February 15, 2019
Jason Rezaian, having gained back the weight he lost in Evin Prison, is now promoting his new book, “Prisoner,” about the harrowing time he spent in Evin.
He makes clear in the book that, while he was under constant psychological pressure, he was never physically beaten and had no nails pulled out or electric prods put to his genitals, as so many prisoners in Evin have reported.
Rezaian was born in the United States to an Iranian father and a white Midwestern mother. Like many kids in the Iranian diaspora, he became used to straddling two warring cultural identities, particularly growing up with the frictions of the hostage crisis.
“I’ve always felt that you can be an American of any kind of background, and that’s going to be more or less supported by the American masses,” Rezaian told the HuffPost in an interview. “I don’t think the same is true of a hyphenated Iranian. I think that the people of Iran that I encountered on a daily basis in all the years that I lived there accepted me as somehow Iranian … but somehow not.”

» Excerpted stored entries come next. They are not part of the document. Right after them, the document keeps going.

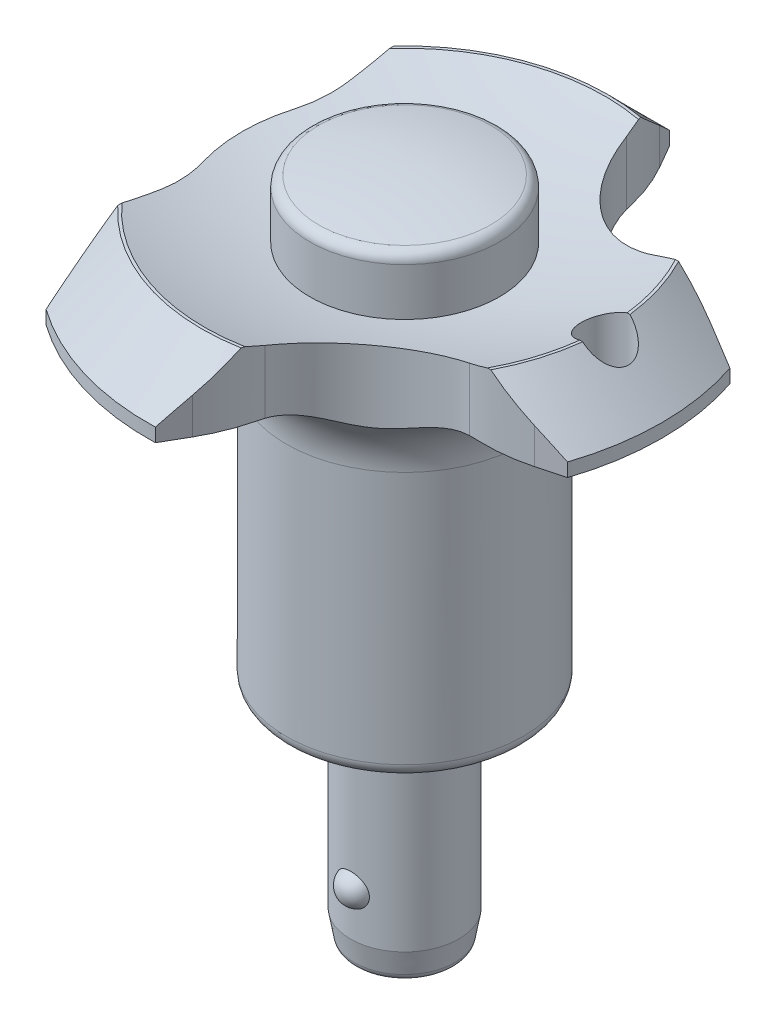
ISO-10303-21;
HEADER;
FILE_DESCRIPTION(('STEP AP214'),'2;1');
FILE_NAME('part.step','',(''),(''),'','','');
FILE_SCHEMA(('AUTOMOTIVE_DESIGN { 1 0 10303 214 1 1 1 1 }'));
ENDSEC;
DATA;
#1=APPLICATION_CONTEXT('core data for automotive mechanical design processes');
#2=APPLICATION_PROTOCOL_DEFINITION('international standard','automotive_design',2000,#1);
#3=PRODUCT_CONTEXT('',#1,'mechanical');
#4=PRODUCT('Part','Part','',(#3));
#5=PRODUCT_RELATED_PRODUCT_CATEGORY('part','',(#4));
#6=PRODUCT_DEFINITION_FORMATION('','',#4);
#7=PRODUCT_DEFINITION_CONTEXT('part definition',#1,'design');
#8=PRODUCT_DEFINITION('design','',#6,#7);
#9=PRODUCT_DEFINITION_SHAPE('','',#8);
#10=(LENGTH_UNIT() NAMED_UNIT(*) SI_UNIT(.MILLI.,.METRE.));
#11=(NAMED_UNIT(*) PLANE_ANGLE_UNIT() SI_UNIT($,.RADIAN.));
#12=(NAMED_UNIT(*) SI_UNIT($,.STERADIAN.) SOLID_ANGLE_UNIT());
#13=UNCERTAINTY_MEASURE_WITH_UNIT(LENGTH_MEASURE(1.E-05),#10,'distance_accuracy_value','');
#14=(GEOMETRIC_REPRESENTATION_CONTEXT(3) GLOBAL_UNCERTAINTY_ASSIGNED_CONTEXT((#13)) GLOBAL_UNIT_ASSIGNED_CONTEXT((#10,
#11,#12)) REPRESENTATION_CONTEXT('',''));
#15=CARTESIAN_POINT('',(0.,0.,0.));
#16=DIRECTION('',(0.,0.,1.));
#17=DIRECTION('',(1.,0.,0.));
#18=AXIS2_PLACEMENT_3D('',#15,#16,#17);
#19=CARTESIAN_POINT('',(0.,33.2,0.));
#20=DIRECTION('',(0.,-1.,0.));
#21=DIRECTION('',(0.,0.,-1.));
#22=AXIS2_PLACEMENT_3D('',#19,#20,#21);
#23=CYLINDRICAL_SURFACE('',#22,7.);
#24=CARTESIAN_POINT('',(0.,31.7572687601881,0.));
#25=DIRECTION('',(0.,-1.,0.));
#26=DIRECTION('',(0.,0.,-1.));
#27=AXIS2_PLACEMENT_3D('',#24,#25,#26);
#28=CIRCLE('',#27,7.);
#29=CARTESIAN_POINT('',(0.,31.7572687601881,-7.));
#30=VERTEX_POINT('',#29);
#31=EDGE_CURVE('P0_E11',#30,#30,#28,.T.);
#32=ORIENTED_EDGE('',*,*,#31,.T.);
#33=EDGE_LOOP('',(#32));
#34=FACE_BOUND('',#33,.T.);
#35=CARTESIAN_POINT('',(0.,15.,0.));
#36=DIRECTION('',(0.,1.,0.));
#37=DIRECTION('',(0.,0.,1.));
#38=AXIS2_PLACEMENT_3D('',#35,#36,#37);
#39=CIRCLE('',#38,7.);
#40=CARTESIAN_POINT('',(0.,15.,7.));
#41=VERTEX_POINT('',#40);
#42=EDGE_CURVE('P0_E48',#41,#41,#39,.T.);
#43=ORIENTED_EDGE('',*,*,#42,.T.);
#44=EDGE_LOOP('',(#43));
#45=FACE_BOUND('',#44,.T.);
#46=ADVANCED_FACE('P0_F16',(#34,#45),#23,.T.);
#47=CARTESIAN_POINT('',(0.,15.,0.));
#48=DIRECTION('',(0.,1.,0.));
#49=DIRECTION('',(0.,0.,1.));
#50=AXIS2_PLACEMENT_3D('',#47,#48,#49);
#51=PLANE('',#50);
#52=ORIENTED_EDGE('',*,*,#42,.F.);
#53=EDGE_LOOP('',(#52));
#54=FACE_BOUND('',#53,.T.);
#55=ADVANCED_FACE('P0_F28',(#54),#51,.F.);
#56=CARTESIAN_POINT('',(0.,2.17499999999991,0.));
#57=DIRECTION('',(0.,1.,0.));
#58=DIRECTION('',(-1.,0.,0.));
#59=AXIS2_PLACEMENT_3D('',#56,#57,#58);
#60=SPHERICAL_SURFACE('',#59,31.0250000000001);
#61=CARTESIAN_POINT('',(0.,32.5402568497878,0.));
#62=DIRECTION('',(0.,-1.,0.));
#63=DIRECTION('',(0.,0.,-1.));
#64=AXIS2_PLACEMENT_3D('',#61,#62,#63);
#65=CIRCLE('',#64,6.36410256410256);
#66=CARTESIAN_POINT('',(0.,32.5402568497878,-6.36410256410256));
#67=VERTEX_POINT('',#66);
#68=EDGE_CURVE('P0_E23',#67,#67,#65,.F.);
#69=ORIENTED_EDGE('',*,*,#68,.T.);
#70=EDGE_LOOP('',(#69));
#71=FACE_BOUND('',#70,.T.);
#72=CARTESIAN_POINT('',(0.,33.2,0.));
#73=VERTEX_POINT('',#72);
#74=VERTEX_LOOP('',#73);
#75=FACE_BOUND('',#74,.T.);
#76=ADVANCED_FACE('P0_F26',(#71,#75),#60,.T.);
#77=CARTESIAN_POINT('',(0.,31.7572687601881,0.));
#78=DIRECTION('',(0.,-1.,0.));
#79=DIRECTION('',(0.,0.,-1.));
#80=AXIS2_PLACEMENT_3D('',#77,#78,#79);
#81=TOROIDAL_SURFACE('',#80,6.2,0.8);
#82=ORIENTED_EDGE('',*,*,#31,.F.);
#83=EDGE_LOOP('',(#82));
#84=FACE_BOUND('',#83,.T.);
#85=ORIENTED_EDGE('',*,*,#68,.F.);
#86=EDGE_LOOP('',(#85));
#87=FACE_BOUND('',#86,.T.);
#88=ADVANCED_FACE('P0_F18',(#84,#87),#81,.T.);
#89=CLOSED_SHELL('',(#46,#55,#76,#88));
#90=MANIFOLD_SOLID_BREP('P0_B1',#89);
#91=CARTESIAN_POINT('',(-19.,30.2,0.));
#92=DIRECTION('',(0.,1.,0.));
#93=DIRECTION('',(-1.,0.,0.));
#94=AXIS2_PLACEMENT_3D('',#91,#92,#93);
#95=PLANE('',#94);
#96=CARTESIAN_POINT('',(0.,30.2,0.));
#97=DIRECTION('',(0.,1.,0.));
#98=DIRECTION('',(-1.,0.,0.));
#99=AXIS2_PLACEMENT_3D('',#96,#97,#98);
#100=CIRCLE('',#99,14.790199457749);
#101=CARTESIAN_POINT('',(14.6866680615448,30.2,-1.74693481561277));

In 2014, armed security agents of the regime collared Rezaian in the parking garage of his Tehran apartment and arrested him and his wife, Yeganeh Salehi. He admits that his Farsi wasn’t quite good enough to understand when his captor told him he was being arrested.
His imprisonment began with 49 days of solitary confinement, which he describes as a “living grave,” and ended only after 544 days—one hundred days mire than the US diplomats taken in the 1979 US embassy seizure.
In his book, he describes a lingering sense of shame and love for Iran.
Rezaian tells how his father, a rug salesman in San Francisco, gave a $1,000 rug to each of the freed US Embassy hostages, with a certificate that essentially said, “As an American, I welcome you home — and as an Iranian, I’m so sorry for all that you endured in my home country.”
Rezaian says his desire to reflect the reality of people in Iran — away from the narrative presented by Western media and the Islamic Republic itself — was one of the motivating factors for moving there as a freelance reporter in the late 2000s.
“I thought I had an opportunity to go there and tell a more nuanced story of this place. It’s a massive country, 80 million people. And frankly, the Islamic Republic has done a better job of anybody at creating a negative image of its country and its people,” he said, referring to the “Death to America” rallies held regularly. “But I thought to myself, ‘If I can go there and I can spend some time there, I can tell a more complete picture’.”
As to what the outside world can do about Iran, he said, “I think that if you don’t believe that people are malleable and if you don’t believe that people can grow and can change and can be re-educated — or educated, in this case — then you would be much more inclined to believe that there’s no hope and we just have to do whatever we can to topple the current situation.”
He has filed a lawsuit against Iran for damages of $1 billion — a move he said he undertook in part to deter the country from imprisoning journalists and hostages again. Despite his treatment by the Iranian government, he is critical of the Trump Administration’s dismantling of the nuclear deal.
Rezaian is adamant that Iran’s future should be determined by the Iranian people. “I like to believe that there’s always some hope. It’s what got me through a year and a half in prison and other difficult things in my life,” he said. “I was somebody who often, for a long time, promoted the notion of people-to-people contact between Iran and the United States. I still promote that. But I can’t advise people to go to Iran anymore.”